Die Klärschlamm-Anlage kann man sich wie einen künstlich angelegten Teich mit einer meterhohen Böschung ringsherum vorstellen, der ebenso wie dieser zum Boden hin durch eine dicke Folie abgedichtet ist. Denn, so Seidel: "Ins Erdreich gelangt nichts, das ist ein geschlossenes System." Auf dem Grund der Wanne wird ein mit einer Drainage durchsetztes Gesteinsfiltrat mit unterschiedlichen Schichten und Körnungen aufgebracht, schließlich wird das gesamte Beet mit Schilf bepflanzt. Das soll zum einen dem Klärschlamm einen Großteil des Wassers auf natürliche Weise entziehen, zum anderen sollen dessen Wurzeln für eine gute Belüftung und somit optimale Weiterverarbeitung der Masse sorgen. Ist der Schlamm zu Humus geworden, kann er entnommen werden. Seidel: "Einmal jährlich wird er auf seine Inhaltsstoffe untersucht." Der Werkleiter sieht vor allem drei große Vorteile gegenüber dem bisherigen Umgang mit Klärschlamm: Die Kosten: "Gegenüber der landwirtschaftlichen Weiterverarbeitung sparen wir rund 20 000 Euro im Jahr, gegenüber der Verbrennung noch einmal so viel." Vor allem die Transportkosten schlagen zu Buche. "Wir fahren ja überwiegend Wasser hin und her", verweist der Werkleiter darauf, dass Klärschlamm zu etwa 95 Prozent aus Wasser besteht.

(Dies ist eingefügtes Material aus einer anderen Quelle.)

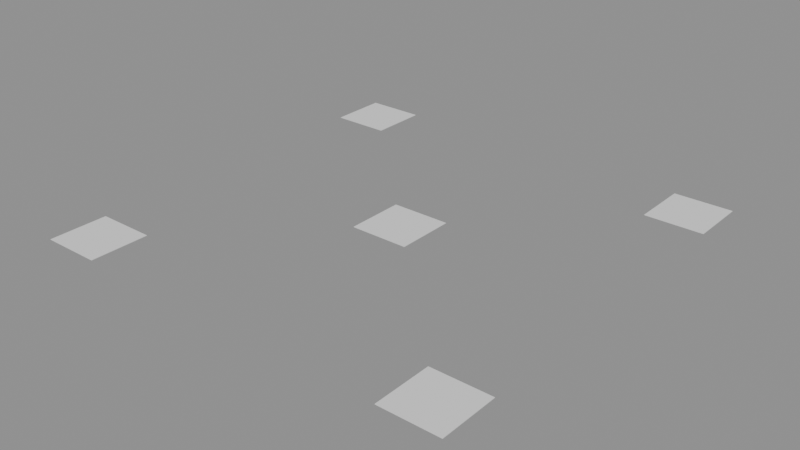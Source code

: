 # Source: BED_LEVEL_TEST.blend  (saved by Blender 5.2.45; exported with 4.5.12 LTS)
import bpy
from mathutils import Matrix  # noqa: F401  (used for matrix-valued properties, if any)

bpy.ops.wm.read_factory_settings(use_empty=True)
scene = bpy.context.scene
scene.name = 'Scene'

# ---- meshes
me_cube = bpy.data.meshes.new('Cube')
me_cube.from_pydata([(-92.5, -92.5, 0.0), (-92.5, -67.5, 0.0), (-67.5, -92.5, 0.0), (-67.5, -67.5, 0.0), (-12.5, -12.5, 0.0), (-92.5, -92.5, 0.2), (-92.5, -67.5, 0.2), (-67.5, -92.5, 0.2), (-67.5, -67.5, 0.2), (-12.5, -12.5, 0.2), (-92.5, 67.5, 0.0), (-92.5, 92.5, 0.0), (-67.5, 67.5, 0.0), (-67.5, 92.5, 0.0), (-12.5, 12.5, 0.0), (-92.5, 67.5, 0.2), (-92.5, 92.5, 0.2), (-67.5, 67.5, 0.2), (-67.5, 92.5, 0.2), (-12.5, 12.5, 0.2), (12.5, -12.5, 0.0), (67.5, -92.5, 0.0), (67.5, -67.5, 0.0), (92.5, -92.5, 0.0), (92.5, -67.5, 0.0), (12.5, -12.5, 0.2), (67.5, -92.5, 0.2), (67.5, -67.5, 0.2), (92.5, -92.5, 0.2), (92.5, -67.5, 0.2), (12.5, 12.5, 0.0), (67.5, 67.5, 0.0), (67.5, 92.5, 0.0), (92.5, 67.5, 0.0), (92.5, 92.5, 0.0), (12.5, 12.5, 0.2), (67.5, 67.5, 0.2), (67.5, 92.5, 0.2), (92.5, 67.5, 0.2), (92.5, 92.5, 0.2)], [], [(4, 9, 19, 14), (14, 19, 35, 30), (25, 20, 30, 35), (9, 4, 20, 25), (20, 4, 14, 30), (35, 19, 9, 25), (6, 1, 0, 5), (8, 3, 1, 6), (7, 2, 3, 8), (5, 0, 2, 7), (2, 0, 1, 3), (8, 6, 5, 7), (16, 11, 10, 15), (18, 13, 11, 16), (17, 12, 13, 18), (15, 10, 12, 17), (12, 10, 11, 13), (18, 16, 15, 17), (27, 22, 21, 26), (29, 24, 22, 27), (28, 23, 24, 29), (26, 21, 23, 28), (23, 21, 22, 24), (29, 27, 26, 28), (37, 32, 31, 36), (39, 34, 32, 37), (38, 33, 34, 39), (36, 31, 33, 38), (33, 31, 32, 34), (39, 37, 36, 38)])
_uv = me_cube.uv_layers.new(name='UVMap')
_uv.uv.foreach_set('vector', [0.375, 0.0, 0.625, 0.0, 0.625, 0.25, 0.375, 0.25, 0.375, 0.25, 0.625, 0.25, 0.625, 0.5, 0.375, 0.5, 0.625, 0.75, 0.375, 0.75, 0.375, 0.5, 0.625, 0.5, 0.625, 1.0, 0.375, 1.0, 0.375, 0.75, 0.625, 0.75, 0.375, 0.75, 0.125, 0.75, 0.125, 0.5, 0.375, 0.5, 0.625, 0.5, 0.875, 0.5, 0.875, 0.75, 0.625, 0.75, 0.625, 0.25, 0.375, 0.25, 0.375, 0.0, 0.625, 0.0, 0.625, 0.5, 0.375, 0.5, 0.375, 0.25, 0.625, 0.25, 0.625, 0.75, 0.375, 0.75, 0.375, 0.5, 0.625, 0.5, 0.625, 1.0, 0.375, 1.0, 0.375, 0.75, 0.625, 0.75, 0.375, 0.75, 0.125, 0.75, 0.125, 0.5, 0.375, 0.5, 0.625, 0.5, 0.875, 0.5, 0.875, 0.75, 0.625, 0.75, 0.625, 0.25, 0.375, 0.25, 0.375, 0.0, 0.625, 0.0, 0.625, 0.5, 0.375, 0.5, 0.375, 0.25, 0.625, 0.25, 0.625, 0.75, 0.375, 0.75, 0.375, 0.5, 0.625, 0.5, 0.625, 1.0, 0.375, 1.0, 0.375, 0.75, 0.625, 0.75, 0.375, 0.75, 0.125, 0.75, 0.125, 0.5, 0.375, 0.5, 0.625, 0.5, 0.875, 0.5, 0.875, 0.75, 0.625, 0.75, 0.625, 0.25, 0.375, 0.25, 0.375, 0.0, 0.625, 0.0, 0.625, 0.5, 0.375, 0.5, 0.375, 0.25, 0.625, 0.25, 0.625, 0.75, 0.375, 0.75, 0.375, 0.5, 0.625, 0.5, 0.625, 1.0, 0.375, 1.0, 0.375, 0.75, 0.625, 0.75, 0.375, 0.75, 0.125, 0.75, 0.125, 0.5, 0.375, 0.5, 0.625, 0.5, 0.875, 0.5, 0.875, 0.75, 0.625, 0.75, 0.625, 0.25, 0.375, 0.25, 0.375, 0.0, 0.625, 0.0, 0.625, 0.5, 0.375, 0.5, 0.375, 0.25, 0.625, 0.25, 0.625, 0.75, 0.375, 0.75, 0.375, 0.5, 0.625, 0.5, 0.625, 1.0, 0.375, 1.0, 0.375, 0.75, 0.625, 0.75, 0.375, 0.75, 0.125, 0.75, 0.125, 0.5, 0.375, 0.5, 0.625, 0.5, 0.875, 0.5, 0.875, 0.75, 0.625, 0.75])
me_cube.materials.append(None)
me_cube.update()

# ---- objects
ob_bed_level_test = bpy.data.objects.new('BED_LEVEL_TEST', me_cube)

# ---- transforms, parenting, visibility, modifiers, constraints
ob_bed_level_test.location = (0.0, 0.0, 0.0)

# ---- collection membership
scene.collection.objects.link(ob_bed_level_test)

# ---- scene / render settings (as saved in the file)
scene.frame_start = 1; scene.frame_end = 250; scene.frame_set(1)
scene.render.engine = 'BLENDER_EEVEE_NEXT'
scene.render.bake_bias = 0.0
scene.render.bake_samples = 0
scene.render.compositor_device = 'GPU'
scene.eevee.use_volume_custom_range = False
scene.eevee.fast_gi_thickness_near = 0.1
scene.eevee.fast_gi_thickness_far = 0.0
scene.eevee.ray_tracing_options.screen_trace_thickness = 0.1
scene.unit_settings.scale_length = 0.001
bpy.context.view_layer.update()

# ---- added for rendering (the .blend has no active camera and no usable light): camera, sun + grey world if the file has none
cam_auto = bpy.data.cameras.new('AutoCamera')
cam_auto.lens = 50.0
cam_auto.sensor_width = 36.0
cam_auto.clip_end = 4248.24
ob_auto_camera = bpy.data.objects.new('AutoCamera', cam_auto)
scene.collection.objects.link(ob_auto_camera)
ob_auto_camera.location = (242.066, -290.479, 193.753)
ob_auto_camera.rotation_euler = (1.09748, -7.21219e-08, 0.694738)
scene.camera = ob_auto_camera
light_auto_sun = bpy.data.lights.new('AutoSun', 'SUN')
light_auto_sun.energy = 3.0
light_auto_sun.angle = 0.0523599
ob_auto_sun = bpy.data.objects.new('AutoSun', light_auto_sun)
scene.collection.objects.link(ob_auto_sun)
ob_auto_sun.rotation_euler = (0.872665, 0.174533, 0.523599)
if scene.world is None:
    world_auto = bpy.data.worlds.new('AutoWorld')
    world_auto.color = (0.3, 0.3, 0.3)
    scene.world = world_auto
bpy.context.view_layer.update()

Selbst nach einer Reduktion ist Wasser immer noch bei weitem der Hauptbestandteil des Abfallprodukts. Die Umwelt: Das Aufbringen auf Feldern stellt nach wie vor einen enormen Eingriff in die Natur dar und muss daher intensiv überwacht werden - dennoch kommt es nach wie vor zu Überdüngungen und Gewässerverunreinigungen. Die Überprüfbarkeit: "Sollten sich die Anforderungen an den Klärschlamm künftig verändern, können wir sofort darauf reagieren, da sich das Produkt ja noch in der Anlage befindet", sagt Seidel.Betriebsbeginn zur Jahresmitte geplant

Die Zwei-Beet-Anlage wird etwa 4000 Quadratmeter groß werden und ein Fassungsvermögen von rund 11 000 Kubikmetern haben. Sobald es trockener wird, sollen die Bauarbeiten an der "letzten großen Einzelmaßnahme im Bereich der Abwasserbeseitigung im Gerolsteiner Land" beginnen, sagt Seidel. Denn: "Wir wollen Mitte des Jahres in Betrieb gehen."